Being a huge fan of TED and having reflected & written before about attention span, I was interested to see this post on the TED Blog.
Being a huge fan of TED and having reflected & written before about attention span, I was interested to see this post on the TED Blog.
Thanks to Ewan McIntosh for pointing me in the direction of this post by Donald Clark. Citing 1976 research by A. H Johnstone and F. Percival into attention span in 90 Chemistry lectures, with 12 different lecturers, it describes the highs and lows of attention in a 60-minute lecture.
These conclusions were not formed by an impression of attention but by the subjects’ ability to recall content.
The reason this grabbed my attention is that, following a long period of evolution, all my lessons across a 5-school orbit, last 30 minutes. Allowing time for pupils to travel from the previous class, unpack and then reverse these features in order to return punctually, the hands on instrument time must be around 22 minutes. For many pupils, this feels about the right time.
All Guitar Group rehearsals, except those of the East Lothian Guitar Ensemble*, last 30 minutes. If pupils arrive on time, set up quickly, engage and play well it’s not unknown for them to be released in 15-20 minutes – particularly as the concert approaches and the spectre of staleness taps at the window (where the luxury of a window exists).
Yet, curiously, the reason we migrated from 35- or 40-minute lessons to 30 minutes, is that general school timetabling has gone in the opposite direction – all periods in the secondary schools I visit are now 60 minutes long. Apart from this simply being too long for an instrumental lesson and too long for pupils to be out of class, this would permit only six instrumental lessons per day and so it seemed natural to opt for 12 x 30-minute lessons-per-day – so natural in fact that I can’t recall discussion seeming necessary in any school.

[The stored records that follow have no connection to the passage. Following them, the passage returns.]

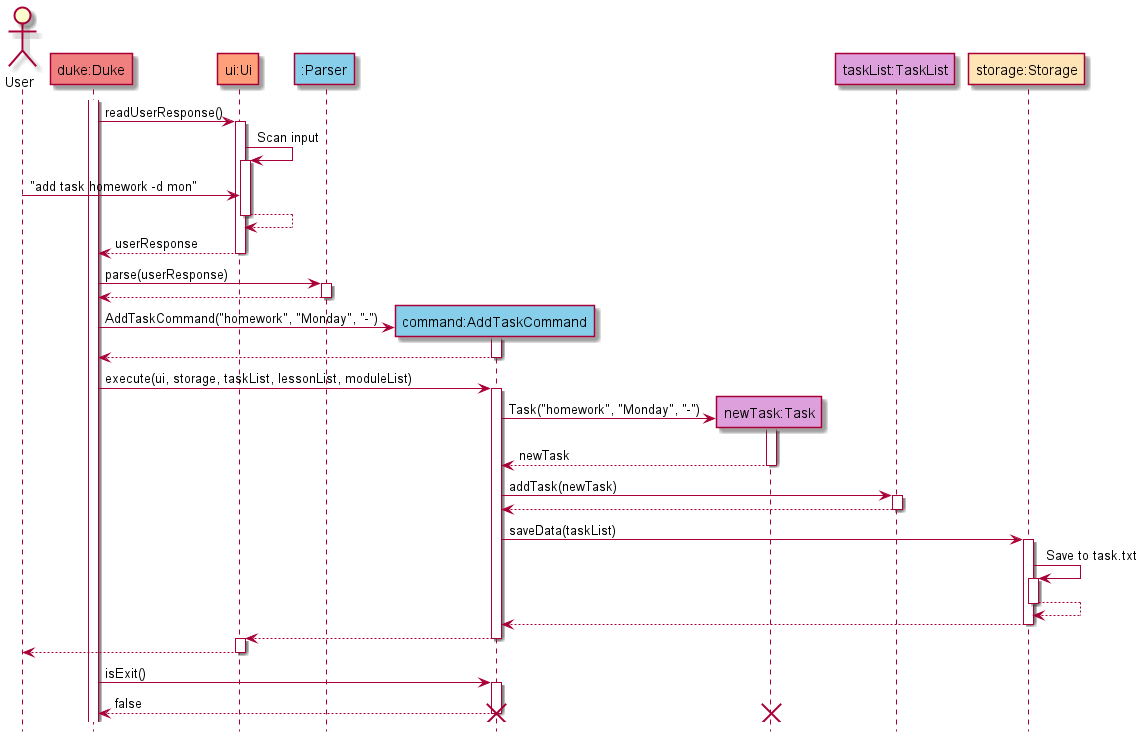

The diagram above was rendered by PlantUML. Its source (embedded in the PNG):
@startuml
'https://plantuml.com/sequence-diagram

!include Style.puml

actor User

participant "duke:Duke" as Duke DUKE_COLOR
participant "ui:Ui" as Ui UI_COLOR
participant ":Parser" as Parser LOGIC_COLOR
participant "command:AddTaskCommand" as Command LOGIC_COLOR
participant "newTask:Task" as Task MODEL_COLOR
participant "taskList:TaskList" as TaskList MODEL_COLOR
participant "storage:Storage" as Storage STORAGE_COLOR

activate Duke
Duke -> Ui: readUserResponse()

activate Ui

Ui -> Ui: Scan input
activate Ui

User -> Ui: "add task homework -d mon"

Ui --> Ui
deactivate Ui

Ui --> Duke: userResponse
deactivate Ui

Duke -> Parser: parse(userResponse)
activate Parser

Parser --> Duke
deactivate Parser

create Command
Duke -> Command: AddTaskCommand("homework", "Monday", "-")

activate Command
Command --> Duke
deactivate Command

Duke -> Command: execute(ui, storage, taskList, lessonList, moduleList)
activate Command

create Task
Command -> Task: Task("homework", "Monday", "-")

activate Task
Task --> Command: newTask
deactivate Task

Command -> TaskList: addTask(newTask)
activate TaskList

TaskList --> Command
deactivate TaskList

Command -> Storage: saveData(taskList)
activate Storage

Storage -> Storage: Save to task.txt
activate Storage

Storage --> Storage
deactivate Storage

Storage --> Command
deactivate Storage

Command --> Ui
deactivate Command

activate Ui
Ui --> User
deactivate Ui

Duke -> Command: isExit()
activate Command

Command --> Duke: false
deactivate Command

destroy Task
destroy Command
@enduml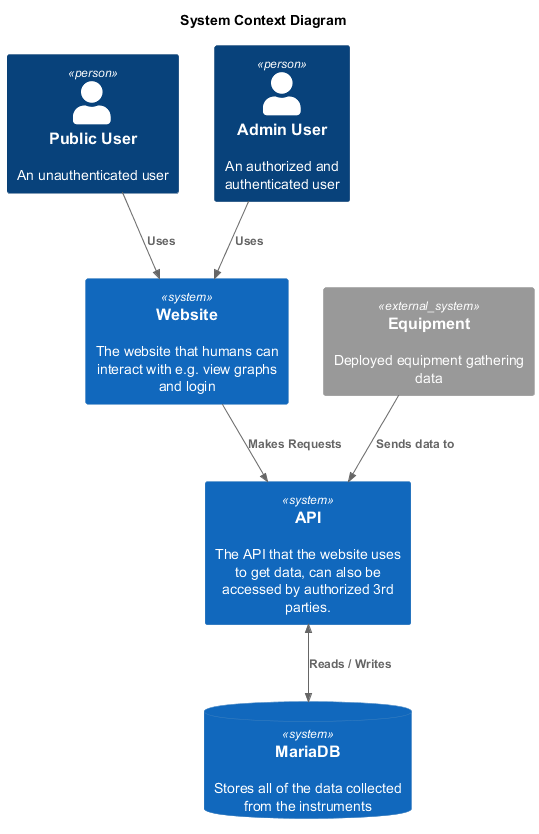

The diagram above was rendered by PlantUML. Its source (embedded in the PNG):
@startuml System-Context-Diagram
!include <c4/C4_Context.puml>
title System Context Diagram

Person(public_user, "Public User", "An unauthenticated user")
Person(admin_user, "Admin User", "An authorized and authenticated user")
System_Ext(equipment, "Equipment", "Deployed equipment gathering data")
System(website, "Website", "The website that humans can interact with e.g. view graphs and login")
System(api, "API", "The API that the website uses to get data, can also be accessed by authorized 3rd parties.")
SystemDb(mariadb, "MariaDB", "Stores all of the data collected from the instruments")

Rel(public_user, website, "Uses")
Rel(admin_user, website, "Uses")
Rel(website, api, "Makes Requests")
Rel(equipment, api, "Sends data to")
BiRel(api, mariadb, "Reads / Writes")


@enduml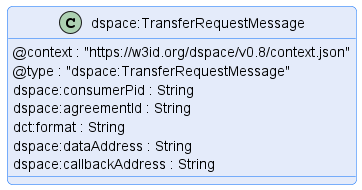

The diagram above was rendered by PlantUML. Its source (embedded in the PNG):
@startuml "transfer-request-message"
!pragma layout smetana

!include ../../../common/style/diagram.styles.puml

hide empty description


class "dspace:TransferRequestMessage" {
    @context : "https://w3id.org/dspace/v0.8/context.json"
    @type : "dspace:TransferRequestMessage"
    dspace:consumerPid : String
    dspace:agreementId : String
    dct:format : String
    dspace:dataAddress : String
    dspace:callbackAddress : String
}

@enduml

Does this mean that we have been blessed with the ideal length by virtue of our colleagues veering blindly in the wrong direction? Well, only if it was still 1976 and if school teaching resembled the kind of university lecture where one person was active while the others listened in reverential silence, their most dynamic input being the taking of notes**.
Donald Clark writes interestingly about Tyrannies of Time one of which rings a bell with me – the dip in performance which some pupils seem to experience when their lesson immediately follows lunch. In such cases, I ask the pupils if they’d mind my asking what they had for lunch, and my fears that a matrix of E-numbers has brought about the cognitive dip are usually groundless.
* Contrastingly, and for purely practical reasons the six annual East Lothian Guitar Ensemble rehearsals take place from 1:30 – 3:30 – minus time for pupils, transported from distant schools to walk from the drop-off point to the venue – minus tidying up time – minus a break in the middle – well it is a Friday afternoon, after all.
** During my five years at music college, my note-taking habits changed from the frenzied assembly of a wretched, illegible and barely revisited scrawl, to simply listening, empty-handed. In the end, I could no longer see the point in inaccurately recreating what already existed in the library, at the cost of my ability to concentrate and enjoy the lecture.